New ‘Animal Friends’ Program Brings Wags + Smiles

Six furry friends marched through the doors of Friendship Circle’s Meer Family Friendship Center on Thursday and right into the hearts of all who met them.

The therapy dogs and their handlers visited the West Bloomfield center for the first session of a new pilot program called “Animal Friends” – the first of its kind at Friendship Circle.

“It is a six-week-long program that seeks to give our participants hands-on interaction experience with animals, educate them about humane animal treatment and pet care and allow them to benefit from the therapeutic aspects of animal interactions,” said Jenna Simard, the Friendship Circle’s special needs program coordinator.

The mental and physical benefits of animal companionship are well-documented. Scientific studies have shown therapy animals can lower blood pressure, improve heart health and aid in relaxation. For people with special needs, these furry friends help to boost socialization, encourage communication and even assist in overcoming speech and emotional disabilities.

Thursday’s visiting canine companions had a profound effect on the center’s participants and volunteer helpers, who took turns reading to the dogs, walking them and feeding them.

There was no fear or trepidation, just smiles, hugs and lots and lots of kisses. And more than a few dog treats, too.

“How many pugs should I get?” asked Clayton, who took a liking to Pearl, a blind pug who does much of her therapy work at Henry Ford Hospital West Bloomfield. “Two! I want two of them.”

When asked what she liked most about the dogs, Lauren exclaimed: “Cuddly! They’re cuddly!”

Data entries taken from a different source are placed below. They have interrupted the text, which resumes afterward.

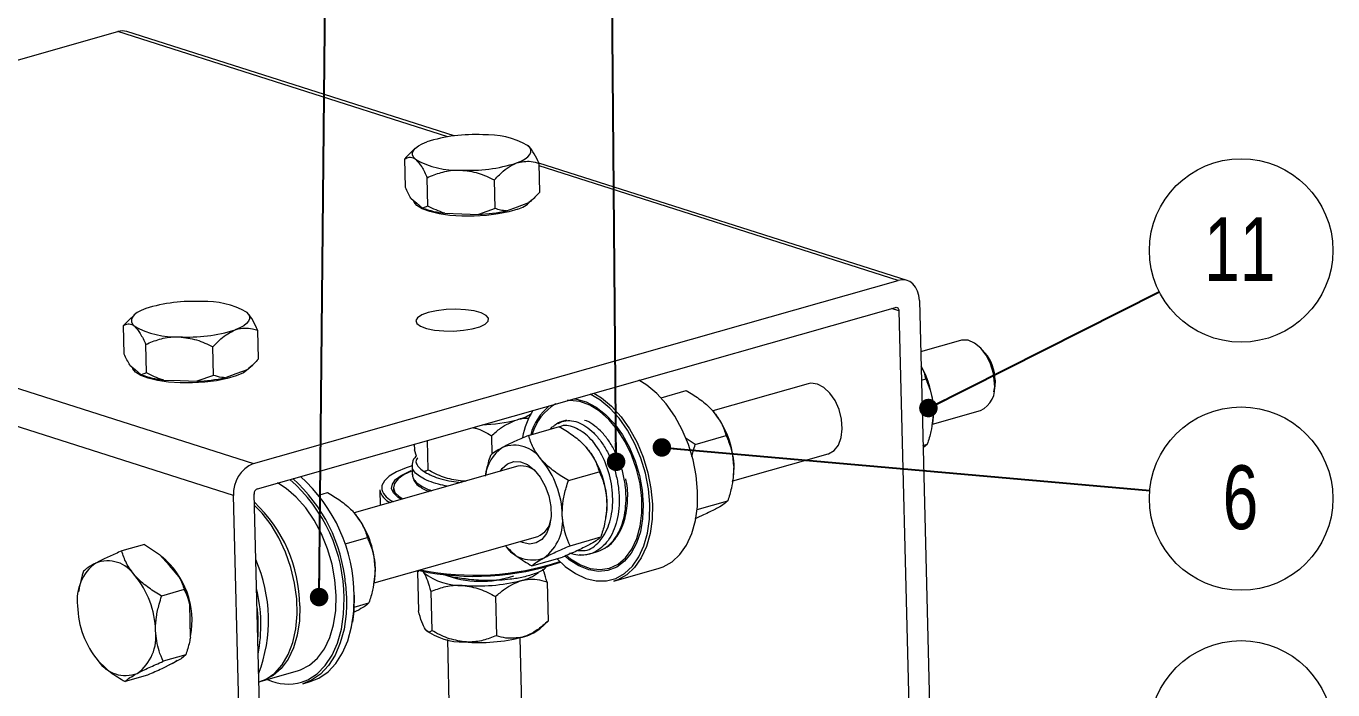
# Model space of a CAD drawing. Header units: millimetres. Extents: x 15 to 415, y 5 to 292.
# Drawn here: x 124.9 to 196.5, y 159.7 to 196.1 of the extents above; entities that cross this region are included whole.
import ezdxf

# ---------------------------------------------------------------- set-up
doc = ezdxf.new("R2010")
doc.units = ezdxf.units.MM
doc.styles.add('SLDTEXTSTYLE0', font='TXT', dxfattribs={"width": 0.75})
doc.dimstyles.new('SLDDIMSTYLE0', dxfattribs={"dimtxt": 0.18, "dimasz": 1.016, "dimexe": 0, "dimexo": 0.0625, "dimgap": 0, "dimtad": 0, "dimtih": 1, "dimtoh": 1, "dimdec": 0, "dimrnd": 1e-09, "dimzin": 0, "dimdsep": 46, "dimtxsty": 'Standard', "dimblk1": 'DOT', "dimblk2": 'DOT', "dimsah": 1, "dimcen": 0.09, "dimadec": 0, "dimazin": 0, "dimtfac": 1.016, "dimtdec": 0, "dimtofl": 0, "dimtmove": 0, "dimatfit": 3, "dimldrblk": 'DOT', "dimfxl": 1, "dimfrac": 2, "dimtolj": 1, "dimtzin": 0, "dimarcsym": 0})

# ---------------------------------------------------------------- blocks, each defined once
blk = doc.blocks.new('SW_NOTE_5')
at = {"color": 0, "linetype": 'Continuous', "lineweight": 0}
blk.add_circle((5.011, -0.443), 5.031, dxfattribs=at)
at = {"color": 0, "linetype": 'Continuous', "lineweight": 0, "insert": (4.976, 1.381), "char_height": 3.5, "attachment_point": 2, "style": 'SLDTEXTSTYLE0'}
blk.add_mtext('6', dxfattribs=at)
blk = doc.blocks.new('_DOT')
at = {"color": 0, "linetype": 'ByBlock', "lineweight": -2}
blk.add_line((-0.5, 0), (-1, 0), dxfattribs=at)
at = {"color": 0, "linetype": 'ByBlock', "const_width": 0.5}
blk.add_lwpolyline([(-0.25, 0, 1), (0.25, 0, 1)], format="xyb", close=True, dxfattribs=at)
blk = doc.blocks.new('SW_NOTE_6')
at = {"color": 0, "linetype": 'Continuous', "lineweight": 0}
blk.add_circle((4.492, 2.264), 5.031, dxfattribs=at)
at = {"color": 0, "linetype": 'Continuous', "lineweight": 0, "insert": (4.422, 4.088), "char_height": 3.5, "attachment_point": 2, "style": 'SLDTEXTSTYLE0'}
blk.add_mtext('11', dxfattribs=at)
blk = doc.blocks.new('SW_NOTE_14')
at = {"color": 0, "linetype": 'Continuous', "lineweight": 0}
blk.add_circle((4.935, 0.977), 5.031, dxfattribs=at)
at = {"color": 0, "linetype": 'Continuous', "lineweight": 0, "insert": (4.864, 2.801), "char_height": 3.5, "attachment_point": 2, "style": 'SLDTEXTSTYLE0'}
blk.add_mtext('14', dxfattribs=at)

msp = doc.modelspace()

# ---------------------------------------------------------------- linework, layer by layer
at = {"color": 7, "linetype": 'Continuous', "lineweight": 15}
for p, q in [((94.545, 185.718), (129.905, 195.768)), ((148.341, 190.045), (130.396, 195.766)), ((146.218, 189.367), (145.959, 189.12)), ((145.676, 187.217), (145.637, 188.786)), ((173.19, 182.123), (152.996, 188.561)), ((153.048, 186.966), (153.009, 188.535)), ((146.913, 186.187), (146.874, 187.756)), ((150.599, 186.061), (150.559, 187.63)), ((145.994, 186.606), (146.303, 186.349)), ((146.303, 186.349), (146.612, 186.091)), ((151.832, 186.16), (152.444, 186.386)), ((152.59, 186.502), (152.727, 186.632)), ((94.545, 185.718), (137.339, 172.075)), ((146.913, 186.187), (146.612, 186.091)), ((147.844, 185.802), (148.764, 185.771)), ((148.764, 185.771), (149.685, 185.739)), ((150.599, 186.061), (149.685, 185.739)), ((151.22, 185.934), (151.832, 186.16)), ((136.246, 170.324), (93.453, 183.967)), ((137.339, 172.075), (172.698, 182.125)), ((137.563, 170.698), (172.546, 180.64)), ((173.863, 181.014), (174.98, 136.174)), ((130.543, 179.97), (130.22, 179.646)), ((130.796, 180.22), (130.529, 179.966)), ((172.74, 180.455), (173.845, 136.091)), ((130.259, 178.077), (130.22, 179.646)), ((137.622, 177.813), (137.583, 179.382)), ((131.475, 177.044), (131.436, 178.612)), ((135.157, 176.912), (135.118, 178.481)), ((176.12, 178.828), (173.932, 178.206)), ((177.467, 178.137), (177.291, 178.338)), ((130.572, 177.465), (130.876, 177.207)), ((130.876, 177.207), (131.18, 176.949)), ((131.475, 177.044), (131.18, 176.949)), ((135.782, 176.784), (136.398, 177.009)), ((136.398, 177.009), (137.014, 177.234)), ((137.169, 177.355), (137.313, 177.493)), ((132.405, 176.657), (133.325, 176.624)), ((133.325, 176.624), (134.244, 176.591)), ((135.157, 176.912), (134.244, 176.591)), ((167.769, 176.454), (162.533, 174.966)), ((173.971, 176.65), (174.208, 176.718)), ((178.021, 176.654), (177.996, 176.276)), ((159.694, 175.686), (161.077, 176.079)), ((177.952, 176.013), (177.996, 176.276)), ((174.573, 174.23), (177.213, 174.98)), ((154.268, 174.385), (154.048, 174.256)), ((154.515, 174.455), (154.265, 174.384)), ((174.568, 174.196), (174.58, 174.269)), ((150.399, 173.6), (150.424, 172.586)), ((152.43, 173.621), (154.118, 174.101)), ((153.663, 174.029), (153.614, 173.958)), ((161.573, 173.127), (161.065, 173.451)), ((161.573, 173.127), (163.262, 173.607)), ((146.165, 173.143), (146.173, 172.823)), ((146.276, 172.485), (146.173, 172.823)), ((146.861, 173.341), (146.901, 171.74)), ((174.06, 173.07), (174.297, 173.137)), ((146.055, 171.961), (146.052, 171.995)), ((163.627, 171.119), (168.862, 172.607)), ((151.838, 171.927), (142.86, 169.375)), ((146.038, 171.963), (146.05, 171.481)), ((146.05, 171.484), (146.075, 171.396)), ((146.067, 171.485), (146.07, 171.455)), ((150.064, 171.454), (150.058, 171.421)), ((154.614, 171.149), (156.303, 171.629)), ((144.27, 170.638), (144.292, 169.782)), ((145.018, 170.752), (145.02, 170.656)), ((148.994, 171.1), (148.689, 171.12)), ((163.622, 171.085), (163.634, 171.158)), ((137.363, 125.483), (136.246, 170.324)), ((138.486, 126.042), (137.381, 170.406)), ((140.92, 170.35), (141.404, 170.488)), ((161.674, 169.55), (163.351, 170.026)), ((156.663, 169.107), (156.675, 169.18)), ((142.364, 167.667), (143.588, 168.015)), ((143.954, 165.528), (152.932, 168.079)), ((154.703, 167.569), (156.392, 168.049)), ((131.36, 167.633), (130.123, 167.282)), ((131.36, 167.633), (132.186, 167.094)), ((132.731, 166.476), (132.186, 167.094)), ((155.781, 167.121), (156.161, 167.229)), ((133.277, 165.859), (132.731, 166.476)), ((152.608, 166.461), (154.297, 166.94)), ((156.825, 166.327), (156.9, 166.348)), ((157.105, 165.627), (159.588, 166.332)), ((143.948, 165.494), (143.96, 165.567)), ((146.438, 166.233), (146.322, 166.123)), ((146.34, 166.139), (146.412, 166.181)), ((146.34, 166.139), (146.393, 163.998)), ((146.649, 166.159), (146.692, 166.077)), ((147.887, 165.978), (147.895, 165.931)), ((153.442, 165.578), (153.496, 163.436)), ((127.757, 165.115), (127.745, 165.042)), ((133.545, 165.161), (132.308, 164.809)), ((147.068, 165.056), (147.121, 162.915)), ((133.868, 163.45), (133.846, 164.344)), ((142.864, 164.204), (143.677, 164.435)), ((150.619, 164.775), (150.672, 162.634)), ((133.89, 162.556), (133.868, 163.45)), ((143.008, 163.989), (142.793, 163.884)), ((153.05, 163.011), (153.514, 163.453)), ((147.976, 162.423), (148.358, 147.107)), ((152.331, 148.236), (151.975, 162.522)), ((133.634, 161.581), (132.397, 161.229)), ((132.865, 161.106), (133.388, 161.383)), ((133.634, 161.581), (133.388, 161.383)), ((132.342, 160.829), (132.865, 161.106)), ((137.77, 160.131), (139.764, 160.698)), ((131.539, 160.473), (130.302, 160.121)), ((137.77, 160.131), (137.695, 160.111)), ((140.044, 159.998), (140.458, 160.116))]:
    msp.add_line(p, q, dxfattribs=at)
at = {"color": 8, "linetype": 'Continuous', "lineweight": 15}
for p, q in [((148, 189.999), (129.905, 195.768)), ((172.698, 182.125), (153.012, 188.401)), ((172.74, 180.455), (172.342, 180.582))]:
    msp.add_line(p, q, dxfattribs=at)
at = {"color": 7, "linetype": 'Continuous', "lineweight": 15, "flags": 128}
for points in [[(146.244, 188.751), (146.13, 188.87), (146.071, 188.995), (146.067, 189.122), (146.119, 189.249), (146.226, 189.374), (146.385, 189.496), (146.594, 189.611), (146.85, 189.718)], [(151.772, 188.562), (152.028, 188.669), (152.237, 188.785), (152.397, 188.906), (152.503, 189.031), (152.555, 189.159), (152.551, 189.286), (152.492, 189.41), (152.379, 189.53)], [(151.835, 186.034), (151.34, 185.884), (150.76, 185.765), (150.118, 185.684), (149.445, 185.643), (148.768, 185.644), (148.117, 185.688), (147.522, 185.772), (147.007, 185.893), (146.596, 186.045), (146.306, 186.222), (146.151, 186.416), (146.128, 186.495)], [(152.59, 186.502), (152.524, 186.445), (152.444, 186.386)], [(173.863, 181.014), (173.834, 181.287), (173.763, 181.538), (173.653, 181.755), (173.507, 181.932), (173.331, 182.062), (173.133, 182.139), (172.919, 182.16), (172.698, 182.125)], [(172.546, 180.64), (172.583, 180.646), (172.618, 180.643), (172.651, 180.63), (172.681, 180.608), (172.705, 180.579), (172.723, 180.542), (172.735, 180.501), (172.74, 180.455)], [(131.44, 180.576), (131.183, 180.469), (130.971, 180.354), (130.81, 180.233), (130.701, 180.108), (130.647, 179.98), (130.648, 179.853), (130.705, 179.729), (130.816, 179.609)], [(136.963, 180.378), (137.074, 180.258), (137.131, 180.133), (137.132, 180.006), (137.078, 179.879), (136.969, 179.754), (136.808, 179.633), (136.596, 179.518), (136.339, 179.411)], [(146.93, 180.359), (146.573, 180.228), (146.34, 180.076), (146.248, 179.914), (146.305, 179.753), (146.506, 179.606), (146.836, 179.484), (147.27, 179.396), (147.777, 179.348), (148.319, 179.344), (148.855, 179.384), (149.346, 179.465), (149.756, 179.582), (150.054, 179.725), (150.218, 179.884), (150.235, 180.047), (150.106, 180.202), (149.838, 180.338), (149.452, 180.444), (148.977, 180.512), (148.448, 180.539), (147.904, 180.52), (147.385, 180.459), (146.93, 180.359)], [(177.983, 176.484), (177.921, 177.014), (177.767, 177.537), (177.53, 178.012), (177.23, 178.405), (176.888, 178.687), (176.529, 178.836), (176.181, 178.842), (176.12, 178.828)], [(137.101, 177.297), (137.058, 177.25), (136.792, 177.057), (136.401, 176.882), (135.904, 176.733), (135.321, 176.615), (134.679, 176.535), (134.005, 176.495), (133.328, 176.498), (132.679, 176.543), (132.085, 176.628), (131.573, 176.75), (131.165, 176.903), (130.879, 177.08), (130.727, 177.275), (130.706, 177.351)], [(159.588, 166.332), (159.808, 166.408), (160.297, 166.683), (160.728, 167.086), (161.092, 167.607), (161.377, 168.231), (161.577, 168.943), (161.686, 169.725), (161.702, 170.556), (161.625, 171.415), (161.456, 172.279), (161.199, 173.125), (160.862, 173.933), (160.453, 174.682), (159.982, 175.351), (159.462, 175.923), (158.907, 176.384), (158.485, 176.644)], [(168.268, 176.439), (167.915, 176.481), (167.769, 176.454)], [(168.862, 172.607), (168.884, 172.613), (169.183, 172.785), (169.419, 173.087), (169.572, 173.496), (169.633, 173.981), (169.595, 174.508), (169.463, 175.036), (169.245, 175.526), (168.959, 175.943), (168.625, 176.255), (168.268, 176.439)], [(153.993, 166.854), (154.442, 166.433), (155, 166.039), (155.571, 165.772), (156.141, 165.637), (156.695, 165.638), (157.219, 165.776), (157.699, 166.046), (158.122, 166.442), (158.479, 166.953), (158.759, 167.566), (158.955, 168.265), (159.063, 169.033), (159.079, 169.849), (159.003, 170.691), (158.836, 171.54), (158.584, 172.371), (158.253, 173.164), (157.852, 173.899), (157.39, 174.556), (156.879, 175.118), (156.334, 175.57), (155.807, 175.883)], [(154.903, 175.626), (155.05, 175.608), (155.59, 175.458), (156.129, 175.177), (156.651, 174.772), (157.14, 174.256), (157.583, 173.644), (157.967, 172.952), (158.28, 172.201), (158.514, 171.413), (158.662, 170.609), (158.72, 169.814), (158.687, 169.05), (158.562, 168.339), (158.35, 167.702), (158.056, 167.156), (157.69, 166.718), (157.262, 166.401), (156.783, 166.212), (156.269, 166.159), (155.733, 166.241), (155.191, 166.458), (154.659, 166.802), (154.453, 166.972)], [(156.003, 175.939), (156.424, 175.678), (156.98, 175.217), (157.499, 174.645), (157.97, 173.976), (158.379, 173.228), (158.716, 172.42), (158.973, 171.573), (159.142, 170.709), (159.22, 169.851), (159.203, 169.02), (159.094, 168.238), (158.894, 167.526), (158.609, 166.901), (158.246, 166.38), (157.814, 165.977), (157.325, 165.702), (157.105, 165.627)], [(154.52, 167.014), (154.734, 166.843), (155.272, 166.512), (155.817, 166.314), (156.354, 166.256), (156.865, 166.339), (157.336, 166.56), (157.752, 166.912), (158.1, 167.386), (158.37, 167.967), (158.553, 168.636), (158.645, 169.374), (158.642, 170.158), (158.544, 170.965), (158.354, 171.77), (158.079, 172.548), (157.726, 173.276), (157.306, 173.931), (156.832, 174.494), (156.318, 174.948), (155.781, 175.279), (155.235, 175.477), (154.699, 175.535), (154.552, 175.526)], [(174.631, 175.035), (174.622, 174.636), (174.58, 174.269)], [(150.883, 171.655), (150.987, 171.808), (151.274, 172.068), (151.615, 172.194), (151.989, 172.178), (152.373, 172.021), (152.742, 171.733), (153.074, 171.332), (153.347, 170.842), (153.544, 170.296), (153.652, 169.727), (153.666, 169.171), (153.584, 168.663), (153.411, 168.235), (153.159, 167.913), (152.842, 167.719), (152.482, 167.663), (152.1, 167.75), (151.977, 167.808)], [(145.994, 171.938), (145.716, 171.845), (145.196, 171.625), (144.794, 171.386), (144.521, 171.133), (144.384, 170.873), (144.376, 170.658)], [(145.451, 170.111), (145.262, 170.231), (145.024, 170.461), (144.921, 170.703), (144.959, 170.949), (145.134, 171.193), (145.443, 171.428), (145.876, 171.647), (145.994, 171.695)], [(146.019, 171.657), (145.616, 171.466), (145.278, 171.232), (145.077, 170.988), (145.018, 170.739), (145.104, 170.495), (145.331, 170.263), (145.529, 170.133)], [(163.684, 171.924), (163.676, 171.525), (163.634, 171.158)], [(141.881, 164.834), (141.813, 165.691), (141.654, 166.555), (141.406, 167.405), (141.077, 168.218), (140.674, 168.973), (140.21, 169.651), (139.694, 170.234), (139.142, 170.708), (138.662, 171.01)], [(156.725, 169.946), (156.717, 169.547), (156.675, 169.18)], [(137.62, 160.089), (138.04, 160.258), (138.508, 160.584), (138.913, 161.035), (139.246, 161.599), (139.499, 162.26), (139.663, 163.003), (139.736, 163.806), (139.715, 164.651), (139.601, 165.514), (139.396, 166.374), (139.107, 167.208), (138.74, 167.995), (138.305, 168.714), (137.813, 169.346), (137.397, 169.771)], [(144.011, 166.333), (144.003, 165.934), (143.96, 165.567)], [(139.764, 160.698), (139.931, 160.753), (140.425, 161.014), (140.863, 161.404), (141.234, 161.913), (141.527, 162.528), (141.736, 163.232), (141.855, 164.007), (141.881, 164.834)], [(142.873, 164.858), (142.848, 163.978), (142.772, 163.376)], [(142.45, 164.268), (142.426, 163.824), (142.311, 162.999), (142.107, 162.241), (141.819, 161.567), (141.453, 160.993), (141.017, 160.53), (140.522, 160.19), (140.044, 159.998)], [(140.458, 160.116), (140.935, 160.308), (141.431, 160.648), (141.867, 161.11), (142.233, 161.685), (142.521, 162.358), (142.725, 163.116), (142.84, 163.942), (142.864, 164.816)], [(133.167, 161.265), (132.965, 161.134), (132.716, 161.034)]]:
    msp.add_lwpolyline(points, dxfattribs=at)
at = {"color": 8, "linetype": 'Continuous', "lineweight": 15, "flags": 128}
for points in [[(142.396, 165.483), (142.45, 164.698), (142.45, 164.268)], [(139.888, 164.268), (139.862, 163.441), (139.743, 162.665), (139.534, 161.961), (139.24, 161.347), (138.869, 160.838), (138.431, 160.448), (137.937, 160.186), (137.77, 160.131)], [(139.985, 160.086), (140.323, 160.217), (140.831, 160.54), (141.279, 160.99), (141.656, 161.557), (141.954, 162.228), (142.165, 162.988), (142.284, 163.817), (142.309, 164.698)]]:
    msp.add_lwpolyline(points, dxfattribs=at)
at = {"color": 7, "linetype": 'Continuous', "lineweight": 15}
for centre, radius, start, end in [((130.147, 194.967), 0.836, 72.68818, 106.85493), ((149.459, 181.449), 8.671, 86.96683, 107.50944), ((150.121, 185.445), 4.667, 61.06716, 92.49696), ((148.501, 192.835), 4.667, 241.06721, 272.49693), ((149.163, 196.831), 8.671, 266.96684, 287.50943), ((151.442, 187.475), 1.494, 285.26925, 316.3256), ((148.414, 190.997), 5.226, 249.82978, 263.73435), ((149.248, 195.324), 9.594, 272.61288, 281.86342), ((134.042, 172.256), 8.717, 86.89713, 107.3656), ((134.713, 176.358), 4.607, 60.76466, 92.4781), ((133.066, 183.629), 4.607, 240.76467, 272.47808), ((133.737, 187.73), 8.717, 266.89714, 287.36559), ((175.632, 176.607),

Friendship Circle participants, volunteers and staff weren’t the only ones moved by these new bonds forged in fur.

“Look at how special this is,” said Karen Gasior with Therapy Dogs International, who brought her black lab Maizey — a former leader dog who switched to therapy work a couple years ago. “She brings smiles and tears of joy. She’s always happy cheering other people up – that’s the best.”

Visiting with special-needs children was a first for most of the dogs, who spend much of their time at hospitals, nursing homes and assisted living facilities.

This was true for Lucy, a toy poodle who is relatively new to this line of work. Her handler, Ann Scikorski with Mid-Michigan Therapy Dogs, says she and Lucy graduated from their training program last May.

“We wanted to do something with kids … well, I did anyway,” she said with a smile.

This was the first time Casey, a rescued black lab mix, had worked with kids, said her handlers Christine and Dennis Sweers with Mid-Michigan Therapy Dogs. “She was abandoned and took up residence on our porch,” Christine Sweers said. So, she and her husband, Dennis, gave Casey a home and a purpose that fits her personality.

“Casey is a love-motivated dog,” she said.


Thursday’s session was just the beginning. There’s so much more in store for “Animal Friends” participants.

“Throughout the six weeks, we will have a number of guest speakers from animal rescues and veterinary offices,” said Simard. “Participants will interact with the animals in our own pet store and we will see an exotic animal presentation.

“The program is already full,” she said, when asked how interested families might register. But, “we’ll do another one next year!”